# Real Analysis

Connected Sets

# Connected Sets

Two sets \(A\) and \(B\) in a space \(X\) are *separated* if both \(A \cap \overline{B}\) and \(\overline{A} \cap B\) are empty.

A set \(E\) is *connected* if \(E\) is not the union of two separated sets. Or, equivalently, a set \(E\) is *connected* if \(E\) is not the union of two non-trivial relatively open sets in \(E\). Or, equivalently, a set \(E\) is *connected* if \(E\) is not the union of two non-trivial relatively closed sets in \(E\).

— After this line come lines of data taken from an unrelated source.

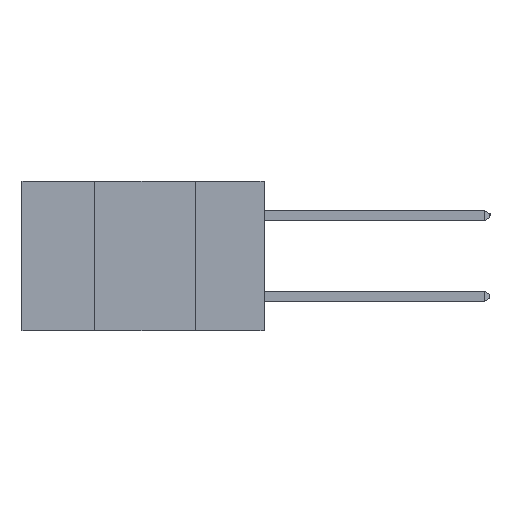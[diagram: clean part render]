
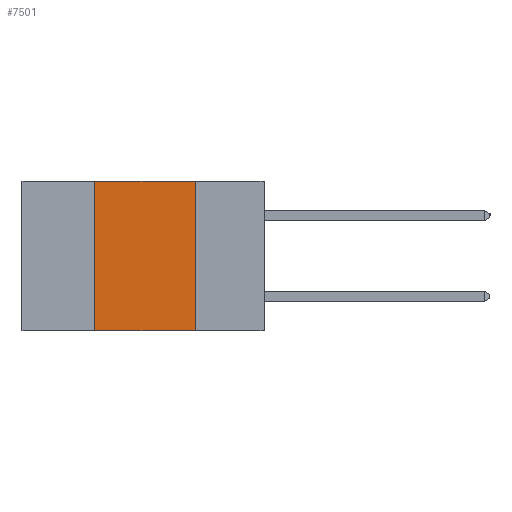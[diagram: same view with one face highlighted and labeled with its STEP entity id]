
A CAD part, left-side view. The second image highlights one B-rep face of the part: STEP entity #7501.
In plain terms, the highlighted planar face has unit normal (-1, 0, 0).
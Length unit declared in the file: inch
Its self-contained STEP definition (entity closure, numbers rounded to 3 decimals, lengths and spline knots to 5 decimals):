
#1274 = VERTEX_POINT ( 'NONE', #8012 ) ;
#2206 = CARTESIAN_POINT ( 'NONE',  ( 0., 0.42, -0.37 ) ) ;
#2302 = ORIENTED_EDGE ( 'NONE', *, *, #14429, .F. ) ;
#2860 = LINE ( 'NONE', #9840, #17041 ) ;
#2909 = LINE ( 'NONE', #4689, #6272 ) ;
#3382 = CARTESIAN_POINT ( 'NONE',  ( 0., 0.17, 0. ) ) ;
#3764 = EDGE_LOOP ( 'NONE', ( #9883, #16558, #2302, #14611 ) ) ;
#3868 = VERTEX_POINT ( 'NONE', #9073 ) ;
#4689 = CARTESIAN_POINT ( 'NONE',  ( 0., 0.6, 0. ) ) ;
#4809 = FACE_OUTER_BOUND ( 'NONE', #3764, .T. ) ;
#5813 = VECTOR ( 'NONE', #11040, 39.37008 ) ;
#6272 = VECTOR ( 'NONE', #15656, 39.37008 ) ;
#6681 = PLANE ( 'NONE',  #12967 ) ;
#7501 = ADVANCED_FACE ( 'NONE', ( #4809 ), #6681, .F. ) ;
#8012 = CARTESIAN_POINT ( 'NONE',  ( 0., 0.17, 0. ) ) ;
#8106 = DIRECTION ( 'NONE',  ( 0., 0., -1. ) ) ;
#9073 = CARTESIAN_POINT ( 'NONE',  ( 0., 0.42, 0. ) ) ;
#9543 = LINE ( 'NONE', #9690, #5813 ) ;
#9690 = CARTESIAN_POINT ( 'NONE',  ( 0., 0.6, -0.37 ) ) ;
#9840 = CARTESIAN_POINT ( 'NONE',  ( 0., 0.42, 0. ) ) ;
#9883 = ORIENTED_EDGE ( 'NONE', *, *, #16459, .F. ) ;
#10762 = CARTESIAN_POINT ( 'NONE',  ( 0., 0.6, 0. ) ) ;
#11040 = DIRECTION ( 'NONE',  ( 0., -1., 0. ) ) ;
#11189 = DIRECTION ( 'NONE',  ( 0., 0., 1. ) ) ;
#11332 = VECTOR ( 'NONE', #11747, 39.37008 ) ;
#11747 = DIRECTION ( 'NONE',  ( 0., 0., -1. ) ) ;
#12967 = AXIS2_PLACEMENT_3D ( 'NONE', #10762, #16177, #8106 ) ;
#13181 = EDGE_CURVE ( 'NONE', #13644, #14981, #9543, .T. ) ;
#13644 = VERTEX_POINT ( 'NONE', #2206 ) ;
#14429 = EDGE_CURVE ( 'NONE', #13644, #3868, #2860, .T. ) ;
#14611 = ORIENTED_EDGE ( 'NONE', *, *, #13181, .T. ) ;
#14932 = LINE ( 'NONE', #3382, #11332 ) ;
#14981 = VERTEX_POINT ( 'NONE', #17724 ) ;
#15656 = DIRECTION ( 'NONE',  ( 0., -1., 0. ) ) ;
#16177 = DIRECTION ( 'NONE',  ( 1., 0., 0. ) ) ;
#16459 = EDGE_CURVE ( 'NONE', #1274, #14981, #14932, .T. ) ;
#16558 = ORIENTED_EDGE ( 'NONE', *, *, #17635, .F. ) ;
#17041 = VECTOR ( 'NONE', #11189, 39.37008 ) ;
#17635 = EDGE_CURVE ( 'NONE', #3868, #1274, #2909, .T. ) ;
#17724 = CARTESIAN_POINT ( 'NONE',  ( 0., 0.17, -0.37 ) ) ;

Two separated sets are called a *separation*.

For example,

- In \(\mathbb{R}^2\), \(E = \{(x, y) : x, y \in \mathbb{Q}\}\). One separation for \(E\) is \(A = \{(x, y) : x, y \in \mathbb{Q}, x < \pi\}\) and \(B = \{(x, y) : x, y \in \mathbb{Q}, x \geq \pi\}\).

**Theorem.** Any closed interval \([a, b]\) is connected.

*Proof (by contradiction).* If not, then there exists a separation \(A\) and \(B\) with \(a \in A\). Let \(s = \sup A\). Then, \(s \in \overline{A}\). Hence, \(s \notin B\). So, \(s \in A\). Thus, \(s \notin \overline{B}\). Then, there exists \((s - \epsilon, s + \epsilon)\) containing no point of \(B\). Hence, \((s - \epsilon, s + \epsilon) \subset A\), which contradicts the fact that \(s\) is the supremum of \(A\). QED.